Where the data below shows a picture, leave that picture out and copy the rest exactly.

(Supplied information begins)

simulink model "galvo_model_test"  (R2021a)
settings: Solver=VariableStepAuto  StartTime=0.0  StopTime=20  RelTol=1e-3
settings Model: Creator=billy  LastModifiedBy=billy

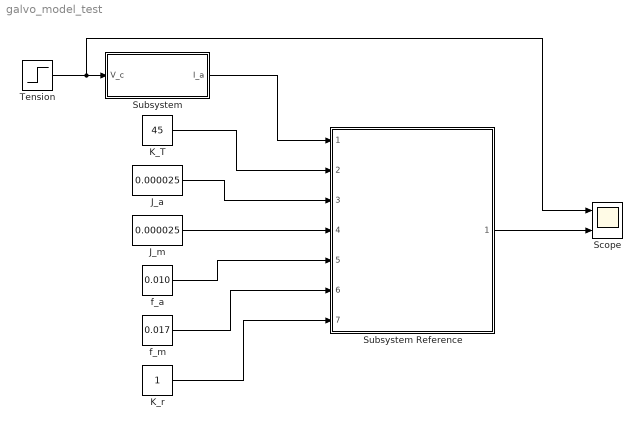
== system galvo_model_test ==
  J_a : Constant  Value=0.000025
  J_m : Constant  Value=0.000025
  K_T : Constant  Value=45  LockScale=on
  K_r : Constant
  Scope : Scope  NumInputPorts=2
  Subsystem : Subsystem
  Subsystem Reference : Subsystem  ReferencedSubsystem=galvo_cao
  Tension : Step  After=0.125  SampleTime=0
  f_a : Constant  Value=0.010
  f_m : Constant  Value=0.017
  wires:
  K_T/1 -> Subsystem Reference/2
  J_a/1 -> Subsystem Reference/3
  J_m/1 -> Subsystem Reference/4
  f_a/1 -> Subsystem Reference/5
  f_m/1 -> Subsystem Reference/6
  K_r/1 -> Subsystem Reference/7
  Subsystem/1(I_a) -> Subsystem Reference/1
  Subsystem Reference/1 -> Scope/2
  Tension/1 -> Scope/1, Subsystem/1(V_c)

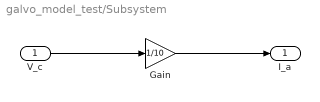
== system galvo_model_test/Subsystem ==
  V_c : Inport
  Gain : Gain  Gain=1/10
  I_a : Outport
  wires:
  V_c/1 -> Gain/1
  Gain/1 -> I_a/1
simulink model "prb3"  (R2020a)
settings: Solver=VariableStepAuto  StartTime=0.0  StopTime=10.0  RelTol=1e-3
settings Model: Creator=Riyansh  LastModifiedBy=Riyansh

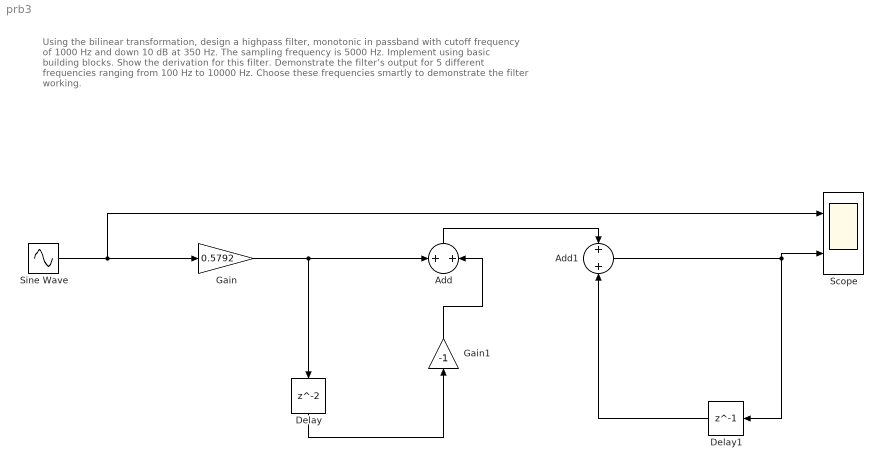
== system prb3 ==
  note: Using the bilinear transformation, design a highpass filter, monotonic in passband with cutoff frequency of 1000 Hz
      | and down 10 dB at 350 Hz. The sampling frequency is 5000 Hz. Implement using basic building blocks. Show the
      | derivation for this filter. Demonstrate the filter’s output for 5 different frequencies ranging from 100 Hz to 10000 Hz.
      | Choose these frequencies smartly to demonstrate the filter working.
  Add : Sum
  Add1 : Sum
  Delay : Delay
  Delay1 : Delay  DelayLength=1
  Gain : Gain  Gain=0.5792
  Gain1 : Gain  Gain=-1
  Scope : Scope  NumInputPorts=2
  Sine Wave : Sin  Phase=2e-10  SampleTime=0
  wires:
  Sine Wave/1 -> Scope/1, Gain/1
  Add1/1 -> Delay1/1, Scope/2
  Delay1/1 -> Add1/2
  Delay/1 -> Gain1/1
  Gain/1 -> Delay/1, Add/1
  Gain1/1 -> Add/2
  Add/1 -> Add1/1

(Supplied information ends)

**Result**:
simulink model "galvo_model_test"  (R2021a)
settings: Solver=VariableStepAuto  StartTime=0.0  StopTime=20  RelTol=1e-3
settings Model: Creator=billy  LastModifiedBy=billy

== system galvo_model_test ==
  J_a : Constant  Value=0.000025
  J_m : Constant  Value=0.000025
  K_T : Constant  Value=45  LockScale=on
  K_r : Constant
  Scope : Scope  NumInputPorts=2
  Subsystem : Subsystem
  Subsystem Reference : Subsystem  ReferencedSubsystem=galvo_cao
  Tension : Step  After=0.125  SampleTime=0
  f_a : Constant  Value=0.010
  f_m : Constant  Value=0.017
  wires:
  K_T/1 -> Subsystem Reference/2
  J_a/1 -> Subsystem Reference/3
  J_m/1 -> Subsystem Reference/4
  f_a/1 -> Subsystem Reference/5
  f_m/1 -> Subsystem Reference/6
  K_r/1 -> Subsystem Reference/7
  Subsystem/1(I_a) -> Subsystem Reference/1
  Subsystem Reference/1 -> Scope/2
  Tension/1 -> Scope/1, Subsystem/1(V_c)

== system galvo_model_test/Subsystem ==
  V_c : Inport
  Gain : Gain  Gain=1/10
  I_a : Outport
  wires:
  V_c/1 -> Gain/1
  Gain/1 -> I_a/1
simulink model "prb3"  (R2020a)
settings: Solver=VariableStepAuto  StartTime=0.0  StopTime=10.0  RelTol=1e-3
settings Model: Creator=Riyansh  LastModifiedBy=Riyansh

== system prb3 ==
  note: Using the bilinear transformation, design a highpass filter, monotonic in passband with cutoff frequency of 1000 Hz
      | and down 10 dB at 350 Hz. The sampling frequency is 5000 Hz. Implement using basic building blocks. Show the
      | derivation for this filter. Demonstrate the filter’s output for 5 different frequencies ranging from 100 Hz to 10000 Hz.
      | Choose these frequencies smartly to demonstrate the filter working.
  Add : Sum
  Add1 : Sum
  Delay : Delay
  Delay1 : Delay  DelayLength=1
  Gain : Gain  Gain=0.5792
  Gain1 : Gain  Gain=-1
  Scope : Scope  NumInputPorts=2
  Sine Wave : Sin  Phase=2e-10  SampleTime=0
  wires:
  Sine Wave/1 -> Scope/1, Gain/1
  Add1/1 -> Delay1/1, Scope/2
  Delay1/1 -> Add1/2
  Delay/1 -> Gain1/1
  Gain/1 -> Delay/1, Add/1
  Gain1/1 -> Add/2
  Add/1 -> Add1/1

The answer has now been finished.